A basic Substitution-Permutation Network cipher and it's cryptanalysis using both linear and differential methods., implemented by following 'A Tutorial on Linear and Differential Cryptanalysis' by Howard M. Heys
Basic SPN cipher which takes as input a 16-bit input block and has 4 rounds. Each round consists of (1) substitution (2) transposition (3) key mixing
hkscy.org
#Appendix #Figure 1: Constructing linear approximations for the complete cipher
To do this we concatenate linear approximations through multiple rounds. Linear approximations are given by the linear approximation table which is derived by testing all possible linear relationships between input and output bits for a given sbox.
e.g. Through 3 rounds S_1,2: X1^X3^X4 = Y2, probBias = +4 (6,11 in LAT) (*1) S_2,2: X2 = Y2^Y4, probBias = -4 (4,5 in LAT) (*2) S_3,2: X2 = Y2^Y4, probBias = -4 (*3) S_3,4: X2 = Y2^Y4, probBias = -4 (*4)

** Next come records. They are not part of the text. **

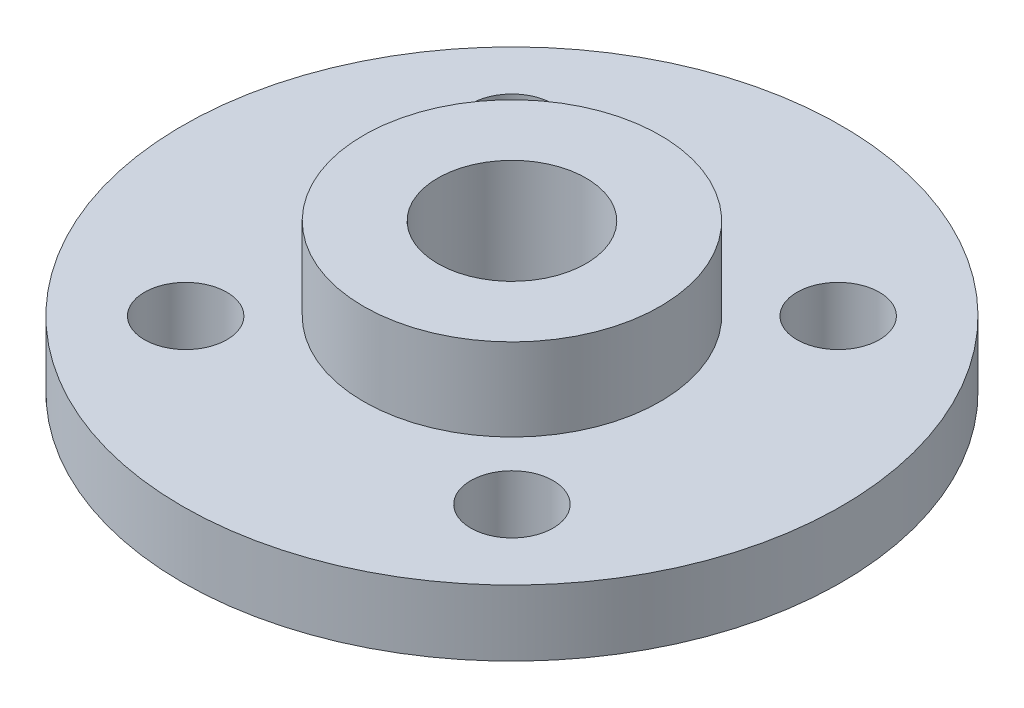
SolidWorks part; units mm, degrees
ref_plane "Front Plane" through (0, 0, 0) normal (0, 0, 1) x (1, 0, 0)
ref_plane "Top Plane" through (0, 0, 0) normal (0, 1, 0) x (1, 0, 0)
ref_plane "Right Plane" through (0, 0, 0) normal (1, 0, 0) x (0, 0, -1)
sketch "Sketch1" plane through (0, 0, 0) normal (0, 1, 0) x (1, 0, 0)
  line L0 (-4.9497, 4.9497) -> (4.9497, 4.9497) construction
  line L1 (4.9497, 4.9497) -> (4.9497, -4.9497) construction
  circle A0 centre (0, 0) radius 10
  circle A1 centre (-4.9497, 4.9497) radius 1.25
  circle A2 centre (4.9497, 4.9497) radius 1.25
  circle A3 centre (4.9497, -4.9497) radius 1.25
  circle A4 centre (-4.9497, -4.9497) radius 1.25
  circle A5 centre (0, 0) radius 7 construction
  circle A6 centre (0, 0) radius 1.5
  dimension "D1" = 20
  dimension "D2" = 2.5
  dimension "D3" = 3
  dimension "D4" = 14
extrude "Boss-Extrude1" add sketch "Sketch1" along normal blind 2
cosmetic thread "Cosmetic Thread1" parameters "D2"=3
cosmetic thread "Cosmetic Thread2" parameters "D2"=3
cosmetic thread "Cosmetic Thread3" parameters "D2"=3
cosmetic thread "Cosmetic Thread4" parameters "D2"=3
sketch "Sketch2" plane through (0, 2, 0) normal (0, 1, 0) x (1, 0, 0)
  circle A0 centre (0, 0) radius 4.5
  circle A1 centre (0, 0) radius 1.5 construction
  circle A2 centre (0, 0) radius 1.5
  dimension "D1" = 9
extrude "Boss-Extrude2" add sketch "Sketch2" along normal blind 2.5
sketch "Sketch3" plane through (0, 4.5, 0) normal (0, 1, 0) x (1, 0, 0)
  circle A0 centre (0, 0) radius 2.25
  dimension "D1" = 4.5
extrude "Cut-Extrude1" cut sketch "Sketch3" against normal blind 3.6
sketch "Sketch7" plane through (0, 4.5, 0) normal (0, 1, 0) x (1, 0, 0)
  circle A0 centre (0, 0.1027) radius 2.8429
extrude "Cut-Extrude2" [suppressed] cut sketch "Sketch7" against normal up to surface (3.6 mm away)
chamfer "Chamfer1" [suppressed] distance 0.1 angle 45
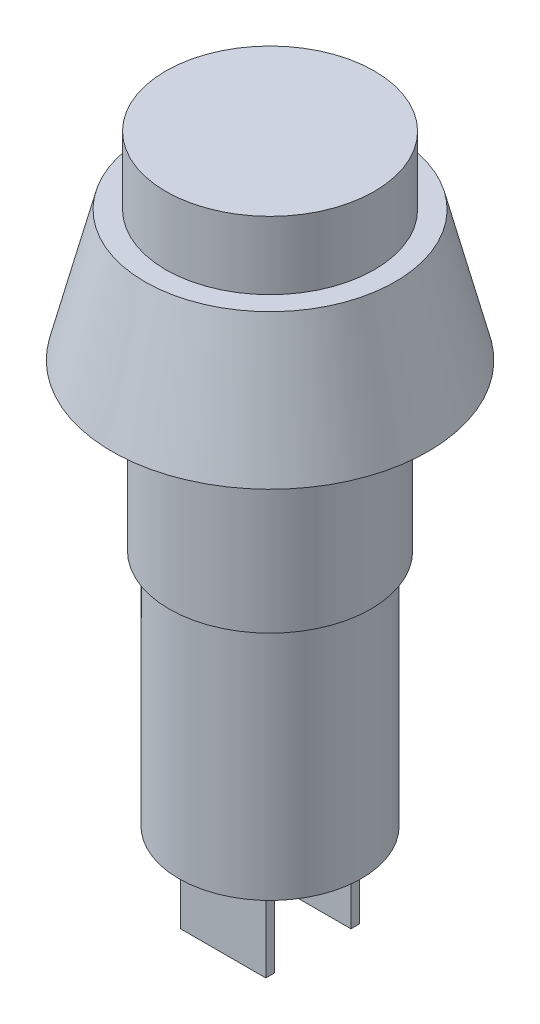
SolidWorks part; units mm, degrees
ref_plane "Спереди" through (0, 0, 0) normal (0, 0, 1) x (1, 0, 0)
ref_plane "Сверху" through (0, 0, 0) normal (0, 1, 0) x (1, 0, 0)
ref_plane "Справа" through (0, 0, 0) normal (1, 0, 0) x (0, 0, -1)
sketch "Эскиз1" plane through (0, 0, 0) normal (0, 1, 0) x (1, 0, 0)
  circle A0 centre (0, 0) radius 9.1
  circle A1 centre (0, 0) radius 7.2
sketch "Эскиз5" plane through (0, 0, 0) normal (0, 0, 1) x (1, 0, 0)
  line L0 (0, 0) -> (-9.1, 0) construction
  line L1 (7.2, 0) -> (-7.2, 0) construction
  line L2 (9.1, 0) -> (-9.1, 0) construction
  line L3 (-9.1, 0) -> (-7.2, 0) construction
  line L4 (-9.1, 0) -> (-9.1, 7.5) construction
  line L5 (-7.2, 0) -> (-7.2, 7.5) construction
  line L6 (-7.2, 7.5) -> (-9.1, 0)
  line L7 (0, 0) -> (0, 7.5) construction
  line L8 (0, 0) -> (0, 7.5)
  line L9 (0, 7.5) -> (-7.2, 7.5)
  line L10 (-9.1, 0) -> (0, 0)
revolve "Повернуть1" add sketch "Эскиз5" angle 360 about L8
sketch "Эскиз6" plane through (0, 7.5, 0) normal (0, 1, 0) x (1, 0, 0)
  circle A0 centre (0, 0) radius 6
extrude "Бобышка-Вытянуть3" add sketch "Эскиз6" along normal blind 3.9 contours A0
sketch "Эскиз7" plane through (0, 0, 0) normal (0, -1, 0) x (1, 0, 0)
  circle A0 centre (0, 0) radius 5.8
extrude "Бобышка-Вытянуть4" add sketch "Эскиз7" along normal blind 9.5
sketch "Эскиз8" plane through (0, -9.5, 0) normal (0, -1, 0) x (1, 0, 0)
  circle A0 centre (0, 0) radius 5.25
extrude "Бобышка-Вытянуть5" add sketch "Эскиз8" along normal blind 13.7
sketch "Эскиз9" plane through (0, -23.2, 0) normal (0, -1, 0) x (-1, 0, 0)
  line L0 (0, 0) -> (0, 2.2) construction
  line L1 (0, 0) -> (0, -2.2) construction
  line L2 (0, 2.2) -> (2.4489, 2.2) construction
  line L3 (0, -2.2) -> (2.4489, -2.2) construction
  line L4 (2.4489, 2.2) -> (-2.4497, 2.2)
  line L5 (2.4489, 2.2) -> (2.4489, 2.7004)
  line L6 (2.4489, 2.7004) -> (-2.4497, 2.7004)
  line L7 (-2.4497, 2.2) -> (-2.4497, 2.7004)
  line L9 (2.4489, -2.2) -> (-2.4497, -2.2)
  line L10 (2.4489, -2.2) -> (2.4489, -2.6956)
  line L11 (2.4489, -2.6956) -> (-2.4497, -2.6956)
  line L12 (-2.4497, -2.2) -> (-2.4497, -2.6956)
extrude "Бобышка-Вытянуть6" add sketch "Эскиз9" along normal blind 5

Let U_i = sbox input in round i and |U_i| = block size (16 bits), and V_i = sbox output in round i and |V_i| = |U_i|, then U_1 = P^K_1 where P = plaintext block and K_1 is round 1 subkey
Now thinking about individual bits in the state from round to round:
Using equation (1) we get V_1,6 = sixth state bit in round 1 (from sbox S_1,2) V_1,6 = U_1,5 ^ U_1,7 ^ U_1,8 (Y2 = X1^X3^X4) V_1,6 = (P_5 ^ K_1,5) ^ (P_7 ^ K_1,7) ^ (P_8 ^ K_1,8) (*5) With probability bias = 4 => probability = (4+8)/16 = 0.75
Using equation (2) in round 2: V_2,6 ^ V_2,8 = U_2,6 with Pr = (-4+8)/16 = 0.25
Combining (5) & (6) V_2,6 ^ V_2,8 = (P_5 ^ K_1,5) ^ (P_7 ^ K_1,7) ^ (P_8 ^ K_1,8) (6) By Matsui's piling up lemma, incorrectly assuming independence) With probability 0.5 + 2(0.75-0.5)*(0.25-0.5) = 3/8
Using (3) for round 3: V_3,6 ^ V_3,8 = U_3,6 with Pr = 0.25 and: V_3,14 ^ V_3,16 = U_3,14 with Pr = 0.25 (The permutation decides that we need this approximation)
U_3,6 = V_2,6 ^ K_3,6 and U_3,14 = V_2,8 ^ K_3,14 V_3,6 ^ V_3,8 ^ U_3,6 = 0 = V_3,14 ^ V_3,16 ^ U_3,14
Therefore: V_3,6 ^ V_3,8 ^ V_2,6 ^ K_3,6 = 0 = V_3,14 ^ V_3,16 ^ V_2,8 ^ K_3,14 (7) with Pr = 0.5 + 2(0.25-0.5)*(0.25-0.5)
Combining (6) and (7) to get an approximation for all-four sboxes: V_3,6 ^ V_3,8 ^ K_3,6 ^ V_3,14 ^ V_3,16 ^ K_3,14 ^ (P_5 ^ K_1,5) ^ (P_7 ^ K_1,7) ^ (P_8 ^ K_1,8) = 0 additionally, U_4,6 = V_3,6 ^ K_4,6 and U_4,8 = V_3,14 ^ K_4,8 and U_4,14 = V_3,8 ^ K_4,14 and U_4,16 = V_3,16
therefore: U_4,6 ^ U_4,8 ^ U_4,14 ^ U_4,14 ^ U_4,16 ^ P_5 ^ P_7 ^ P_8 ^ (Sum of K bits for all 4 rounds) = 0 Pr = 0.5 + [2*(0.75-0.5)*(0.25-0.5)]^3 = 15/32
Since sum over all K_bits == 1 | 0 we also know U_4,6 ^ U_4,8 ^ U_4,14 ^ U_4,14 ^ U_4,16 ^ P_5 ^ P_7 ^ P_8 = 0 must hold with a probability of either 15/32 or 1-(15/32)
Thus we have a linear approximation of rounds 1-3 which holds with a bias of magnitude 1/32.